Discounter haben es kurz vor Weihnachten generell schwerer, ihre Ware zu verkaufen. Das liegt daran, dass KundInnen zu dieser Zeit nicht so sehr auf den Preis achten wie im Rest des Jahres. „In diesem Jahr werden die Einbußen der Discounter aber wohl noch etwas stärker ausfallen“, prognostiziert Handelsexperte Fred Hogen vom Marktforschungsunternehmen Nielsen gegenüber der Deutschen Presseagentur.

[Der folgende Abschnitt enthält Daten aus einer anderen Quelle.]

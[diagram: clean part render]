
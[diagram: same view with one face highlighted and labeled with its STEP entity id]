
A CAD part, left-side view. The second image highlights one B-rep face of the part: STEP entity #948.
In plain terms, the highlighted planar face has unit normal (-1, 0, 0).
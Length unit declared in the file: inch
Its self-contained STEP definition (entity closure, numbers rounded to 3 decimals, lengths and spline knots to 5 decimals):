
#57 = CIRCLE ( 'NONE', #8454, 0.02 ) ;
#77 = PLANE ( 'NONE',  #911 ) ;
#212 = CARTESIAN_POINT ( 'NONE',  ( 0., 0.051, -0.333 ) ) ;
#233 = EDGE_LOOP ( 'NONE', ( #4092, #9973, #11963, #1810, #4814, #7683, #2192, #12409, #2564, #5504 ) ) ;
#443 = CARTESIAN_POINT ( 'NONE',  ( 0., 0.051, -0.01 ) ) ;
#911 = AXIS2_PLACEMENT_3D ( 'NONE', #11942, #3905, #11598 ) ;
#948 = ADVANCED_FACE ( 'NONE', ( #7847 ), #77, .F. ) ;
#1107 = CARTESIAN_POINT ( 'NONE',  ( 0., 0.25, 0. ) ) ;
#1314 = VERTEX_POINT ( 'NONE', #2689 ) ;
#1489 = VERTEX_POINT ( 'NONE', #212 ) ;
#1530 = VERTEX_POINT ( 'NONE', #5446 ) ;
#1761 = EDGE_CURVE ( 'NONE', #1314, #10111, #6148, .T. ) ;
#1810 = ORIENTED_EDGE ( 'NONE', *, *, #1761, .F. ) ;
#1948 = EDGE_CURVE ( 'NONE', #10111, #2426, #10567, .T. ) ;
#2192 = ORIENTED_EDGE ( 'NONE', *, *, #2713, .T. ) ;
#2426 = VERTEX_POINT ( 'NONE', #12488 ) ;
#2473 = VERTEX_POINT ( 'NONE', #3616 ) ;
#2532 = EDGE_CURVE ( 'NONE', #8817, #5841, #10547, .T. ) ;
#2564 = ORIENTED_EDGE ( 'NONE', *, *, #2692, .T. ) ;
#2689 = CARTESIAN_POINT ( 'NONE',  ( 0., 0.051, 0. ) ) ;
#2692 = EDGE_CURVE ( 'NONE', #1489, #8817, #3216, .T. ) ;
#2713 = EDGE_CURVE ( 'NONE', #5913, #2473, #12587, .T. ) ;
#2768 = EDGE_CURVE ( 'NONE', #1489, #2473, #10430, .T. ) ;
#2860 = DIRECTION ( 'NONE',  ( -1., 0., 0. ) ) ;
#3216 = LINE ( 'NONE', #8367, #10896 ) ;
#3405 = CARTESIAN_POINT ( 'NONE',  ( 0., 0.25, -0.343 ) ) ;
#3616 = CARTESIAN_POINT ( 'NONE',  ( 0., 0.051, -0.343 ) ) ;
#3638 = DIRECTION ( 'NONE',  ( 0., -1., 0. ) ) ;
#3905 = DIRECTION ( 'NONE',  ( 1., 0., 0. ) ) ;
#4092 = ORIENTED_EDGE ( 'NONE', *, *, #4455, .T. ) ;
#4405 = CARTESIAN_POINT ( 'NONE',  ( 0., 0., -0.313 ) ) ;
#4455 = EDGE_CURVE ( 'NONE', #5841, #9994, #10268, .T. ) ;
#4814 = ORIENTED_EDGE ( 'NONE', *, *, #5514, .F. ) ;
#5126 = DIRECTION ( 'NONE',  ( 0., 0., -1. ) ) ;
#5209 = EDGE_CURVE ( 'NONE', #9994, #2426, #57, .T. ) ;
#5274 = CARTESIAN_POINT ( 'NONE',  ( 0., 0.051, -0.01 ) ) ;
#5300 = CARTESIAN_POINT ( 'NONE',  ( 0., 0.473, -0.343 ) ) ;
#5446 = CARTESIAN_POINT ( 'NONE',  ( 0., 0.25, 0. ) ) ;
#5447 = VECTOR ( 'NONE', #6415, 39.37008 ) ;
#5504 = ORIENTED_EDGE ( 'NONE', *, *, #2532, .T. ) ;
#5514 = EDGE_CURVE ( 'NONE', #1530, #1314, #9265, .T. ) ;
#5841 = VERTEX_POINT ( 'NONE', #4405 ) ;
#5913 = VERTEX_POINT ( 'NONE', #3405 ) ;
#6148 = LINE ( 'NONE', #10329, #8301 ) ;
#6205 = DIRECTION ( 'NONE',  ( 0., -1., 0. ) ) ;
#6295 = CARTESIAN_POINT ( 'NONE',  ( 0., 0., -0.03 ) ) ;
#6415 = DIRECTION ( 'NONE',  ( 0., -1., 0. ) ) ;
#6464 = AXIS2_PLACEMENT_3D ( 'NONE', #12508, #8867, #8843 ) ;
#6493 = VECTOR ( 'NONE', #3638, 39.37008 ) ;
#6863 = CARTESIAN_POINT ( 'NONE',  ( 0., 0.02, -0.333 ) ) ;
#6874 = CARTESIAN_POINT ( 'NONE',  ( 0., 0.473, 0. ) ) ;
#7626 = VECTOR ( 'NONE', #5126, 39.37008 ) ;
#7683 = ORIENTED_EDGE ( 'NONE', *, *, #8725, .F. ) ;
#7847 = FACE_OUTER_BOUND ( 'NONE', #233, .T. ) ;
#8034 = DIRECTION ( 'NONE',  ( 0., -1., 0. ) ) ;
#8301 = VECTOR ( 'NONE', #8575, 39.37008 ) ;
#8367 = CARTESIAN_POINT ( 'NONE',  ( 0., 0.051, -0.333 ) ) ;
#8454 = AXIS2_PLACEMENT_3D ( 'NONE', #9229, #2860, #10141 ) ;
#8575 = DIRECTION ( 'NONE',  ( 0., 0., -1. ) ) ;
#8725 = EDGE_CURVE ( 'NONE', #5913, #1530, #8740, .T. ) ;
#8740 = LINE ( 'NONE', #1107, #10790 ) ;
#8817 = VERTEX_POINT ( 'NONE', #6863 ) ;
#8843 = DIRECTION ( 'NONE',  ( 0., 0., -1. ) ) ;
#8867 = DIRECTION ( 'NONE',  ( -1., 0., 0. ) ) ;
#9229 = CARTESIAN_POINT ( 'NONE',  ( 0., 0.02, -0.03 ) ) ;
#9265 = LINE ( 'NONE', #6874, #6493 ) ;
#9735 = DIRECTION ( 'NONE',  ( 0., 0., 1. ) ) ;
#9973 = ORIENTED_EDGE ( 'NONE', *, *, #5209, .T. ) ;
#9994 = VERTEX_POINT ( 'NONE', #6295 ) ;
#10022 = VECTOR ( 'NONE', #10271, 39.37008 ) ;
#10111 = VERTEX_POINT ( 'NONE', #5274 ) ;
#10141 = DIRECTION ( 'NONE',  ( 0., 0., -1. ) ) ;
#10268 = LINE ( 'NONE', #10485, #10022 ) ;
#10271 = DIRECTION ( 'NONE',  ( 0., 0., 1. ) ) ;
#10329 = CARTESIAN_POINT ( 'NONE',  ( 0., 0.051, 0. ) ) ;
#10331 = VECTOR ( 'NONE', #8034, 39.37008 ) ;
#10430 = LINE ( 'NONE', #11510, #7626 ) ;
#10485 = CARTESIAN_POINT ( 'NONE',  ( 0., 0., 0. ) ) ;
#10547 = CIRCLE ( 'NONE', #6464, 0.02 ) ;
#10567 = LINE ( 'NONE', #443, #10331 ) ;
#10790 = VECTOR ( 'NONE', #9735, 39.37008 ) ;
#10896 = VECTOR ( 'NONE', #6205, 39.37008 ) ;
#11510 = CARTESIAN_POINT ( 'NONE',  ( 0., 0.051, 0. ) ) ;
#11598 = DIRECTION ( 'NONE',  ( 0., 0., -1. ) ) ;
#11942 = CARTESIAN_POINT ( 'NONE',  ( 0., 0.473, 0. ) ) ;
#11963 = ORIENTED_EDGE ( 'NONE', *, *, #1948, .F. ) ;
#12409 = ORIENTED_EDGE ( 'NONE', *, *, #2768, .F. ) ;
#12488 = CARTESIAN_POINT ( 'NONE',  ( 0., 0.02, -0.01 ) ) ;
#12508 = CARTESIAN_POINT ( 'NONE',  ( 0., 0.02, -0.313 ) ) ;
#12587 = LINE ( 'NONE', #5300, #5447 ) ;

Dieses hatte eine Umfrage unter 20.000 Haushalten durchgeführt und daraus eine interessante Prognose formuliert: „Die Konsumenten werden häufig Supermärkten und kleinen Verbrauchermärkten den Vorzug geben, weil sie dort alle Einkäufe auf einmal erledigen können, aber auch weil sie sich dort sicherer fühlen als in den eher beengten Discountern“, ist sich Hogen sicher.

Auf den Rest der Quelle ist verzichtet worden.